- [TASK ITEM]: Give back all of the data exactly as it stands, with the pictures removed.

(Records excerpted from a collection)
::::::::::

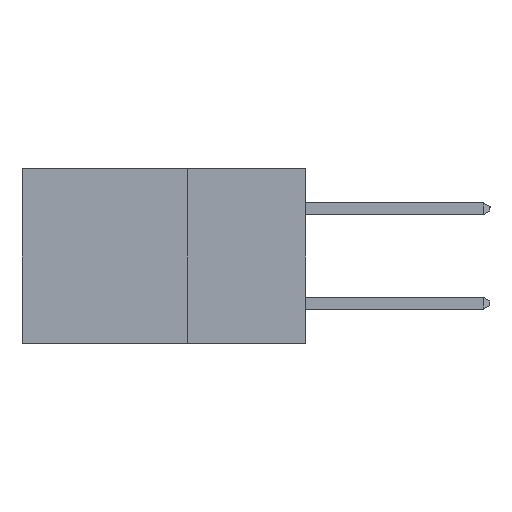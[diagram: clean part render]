
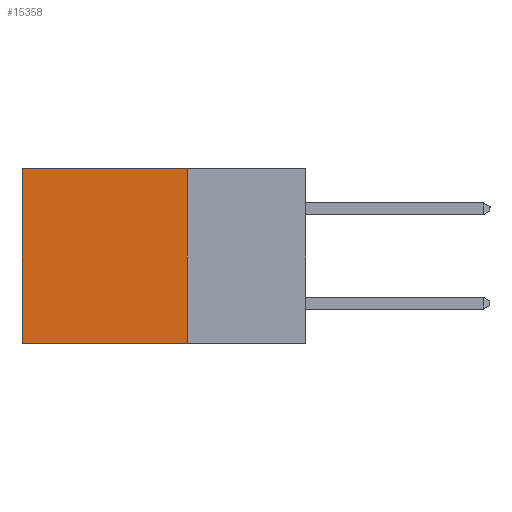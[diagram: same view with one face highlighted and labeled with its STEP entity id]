
A CAD part, left-side view. The second image highlights one B-rep face of the part: STEP entity #15358.
In plain terms, the highlighted planar face has unit normal (-1, 0, 0).
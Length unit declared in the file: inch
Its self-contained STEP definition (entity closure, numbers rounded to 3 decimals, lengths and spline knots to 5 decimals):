
#92 = EDGE_CURVE ( 'NONE', #15715, #10467, #7375, .T. ) ;
#558 = VECTOR ( 'NONE', #11047, 39.37008 ) ;
#1311 = CARTESIAN_POINT ( 'NONE',  ( 0.2615, 0.25, -0.37 ) ) ;
#1799 = VECTOR ( 'NONE', #11005, 39.37008 ) ;
#2004 = CARTESIAN_POINT ( 'NONE',  ( 0.2615, 0.6, -0.37 ) ) ;
#2389 = ORIENTED_EDGE ( 'NONE', *, *, #13102, .F. ) ;
#2472 = CARTESIAN_POINT ( 'NONE',  ( 0.2615, 0.25, -0.37 ) ) ;
#2671 = CARTESIAN_POINT ( 'NONE',  ( 0.2615, 0.25, -0.37 ) ) ;
#3419 = DIRECTION ( 'NONE',  ( 1., 0., 0. ) ) ;
#4200 = CARTESIAN_POINT ( 'NONE',  ( 0.2615, 0.25, 0. ) ) ;
#4212 = VECTOR ( 'NONE', #11097, 39.37008 ) ;
#5472 = CARTESIAN_POINT ( 'NONE',  ( 0.2615, 0.25, -0.37 ) ) ;
#5666 = VERTEX_POINT ( 'NONE', #5472 ) ;
#6237 = CARTESIAN_POINT ( 'NONE',  ( 0.2615, 0.25, 0. ) ) ;
#7346 = DIRECTION ( 'NONE',  ( 0., 0., -1. ) ) ;
#7375 = LINE ( 'NONE', #6237, #4212 ) ;
#7737 = ORIENTED_EDGE ( 'NONE', *, *, #9448, .T. ) ;
#8475 = PLANE ( 'NONE',  #9624 ) ;
#9151 = CARTESIAN_POINT ( 'NONE',  ( 0.2615, 0.6, 0. ) ) ;
#9448 = EDGE_CURVE ( 'NONE', #10467, #9645, #12845, .T. ) ;
#9624 = AXIS2_PLACEMENT_3D ( 'NONE', #2472, #3419, #7346 ) ;
#9645 = VERTEX_POINT ( 'NONE', #2004 ) ;
#9873 = LINE ( 'NONE', #2671, #1799 ) ;
#10224 = CARTESIAN_POINT ( 'NONE',  ( 0.2615, 0.6, -0.37 ) ) ;
#10467 = VERTEX_POINT ( 'NONE', #9151 ) ;
#10971 = VECTOR ( 'NONE', #13811, 39.37008 ) ;
#11005 = DIRECTION ( 'NONE',  ( 0., 1., 0. ) ) ;
#11047 = DIRECTION ( 'NONE',  ( 0., 0., -1. ) ) ;
#11097 = DIRECTION ( 'NONE',  ( 0., 1., 0. ) ) ;
#12083 = EDGE_CURVE ( 'NONE', #5666, #9645, #9873, .T. ) ;
#12109 = FACE_OUTER_BOUND ( 'NONE', #13265, .T. ) ;
#12246 = LINE ( 'NONE', #1311, #558 ) ;
#12845 = LINE ( 'NONE', #10224, #10971 ) ;
#13102 = EDGE_CURVE ( 'NONE', #15715, #5666, #12246, .T. ) ;
#13265 = EDGE_LOOP ( 'NONE', ( #7737, #15660, #2389, #14916 ) ) ;
#13811 = DIRECTION ( 'NONE',  ( 0., 0., -1. ) ) ;
#14916 = ORIENTED_EDGE ( 'NONE', *, *, #92, .T. ) ;
#15358 = ADVANCED_FACE ( 'NONE', ( #12109 ), #8475, .F. ) ;
#15660 = ORIENTED_EDGE ( 'NONE', *, *, #12083, .F. ) ;
#15715 = VERTEX_POINT ( 'NONE', #4200 ) ;

::::::::::

- [ANSWER]:
[diagram: clean part render]
[diagram: same view with one face highlighted and labeled with its STEP entity id]
A CAD part, left-side view. The second image highlights one B-rep face of the part: STEP entity #15358.
In plain terms, the highlighted planar face has unit normal (-1, 0, 0).
Length unit declared in the file: inch
Its self-contained STEP definition (entity closure, numbers rounded to 3 decimals, lengths and spline knots to 5 decimals):
#92 = EDGE_CURVE ( 'NONE', #15715, #10467, #7375, .T. ) ;
#558 = VECTOR ( 'NONE', #11047, 39.37008 ) ;
#1311 = CARTESIAN_POINT ( 'NONE',  ( 0.2615, 0.25, -0.37 ) ) ;
#1799 = VECTOR ( 'NONE', #11005, 39.37008 ) ;
#2004 = CARTESIAN_POINT ( 'NONE',  ( 0.2615, 0.6, -0.37 ) ) ;
#2389 = ORIENTED_EDGE ( 'NONE', *, *, #13102, .F. ) ;
#2472 = CARTESIAN_POINT ( 'NONE',  ( 0.2615, 0.25, -0.37 ) ) ;
#2671 = CARTESIAN_POINT ( 'NONE',  ( 0.2615, 0.25, -0.37 ) ) ;
#3419 = DIRECTION ( 'NONE',  ( 1., 0., 0. ) ) ;
#4200 = CARTESIAN_POINT ( 'NONE',  ( 0.2615, 0.25, 0. ) ) ;
#4212 = VECTOR ( 'NONE', #11097, 39.37008 ) ;
#5472 = CARTESIAN_POINT ( 'NONE',  ( 0.2615, 0.25, -0.37 ) ) ;
#5666 = VERTEX_POINT ( 'NONE', #5472 ) ;
#6237 = CARTESIAN_POINT ( 'NONE',  ( 0.2615, 0.25, 0. ) ) ;
#7346 = DIRECTION ( 'NONE',  ( 0., 0., -1. ) ) ;
#7375 = LINE ( 'NONE', #6237, #4212 ) ;
#7737 = ORIENTED_EDGE ( 'NONE', *, *, #9448, .T. ) ;
#8475 = PLANE ( 'NONE',  #9624 ) ;
#9151 = CARTESIAN_POINT ( 'NONE',  ( 0.2615, 0.6, 0. ) ) ;
#9448 = EDGE_CURVE ( 'NONE', #10467, #9645, #12845, .T. ) ;
#9624 = AXIS2_PLACEMENT_3D ( 'NONE', #2472, #3419, #7346 ) ;
#9645 = VERTEX_POINT ( 'NONE', #2004 ) ;
#9873 = LINE ( 'NONE', #2671, #1799 ) ;
#10224 = CARTESIAN_POINT ( 'NONE',  ( 0.2615, 0.6, -0.37 ) ) ;
#10467 = VERTEX_POINT ( 'NONE', #9151 ) ;
#10971 = VECTOR ( 'NONE', #13811, 39.37008 ) ;
#11005 = DIRECTION ( 'NONE',  ( 0., 1., 0. ) ) ;
#11047 = DIRECTION ( 'NONE',  ( 0., 0., -1. ) ) ;
#11097 = DIRECTION ( 'NONE',  ( 0., 1., 0. ) ) ;
#12083 = EDGE_CURVE ( 'NONE', #5666, #9645, #9873, .T. ) ;
#12109 = FACE_OUTER_BOUND ( 'NONE', #13265, .T. ) ;
#12246 = LINE ( 'NONE', #1311, #558 ) ;
#12845 = LINE ( 'NONE', #10224, #10971 ) ;
#13102 = EDGE_CURVE ( 'NONE', #15715, #5666, #12246, .T. ) ;
#13265 = EDGE_LOOP ( 'NONE', ( #7737, #15660, #2389, #14916 ) ) ;
#13811 = DIRECTION ( 'NONE',  ( 0., 0., -1. ) ) ;
#14916 = ORIENTED_EDGE ( 'NONE', *, *, #92, .T. ) ;
#15358 = ADVANCED_FACE ( 'NONE', ( #12109 ), #8475, .F. ) ;
#15660 = ORIENTED_EDGE ( 'NONE', *, *, #12083, .F. ) ;
#15715 = VERTEX_POINT ( 'NONE', #4200 ) ;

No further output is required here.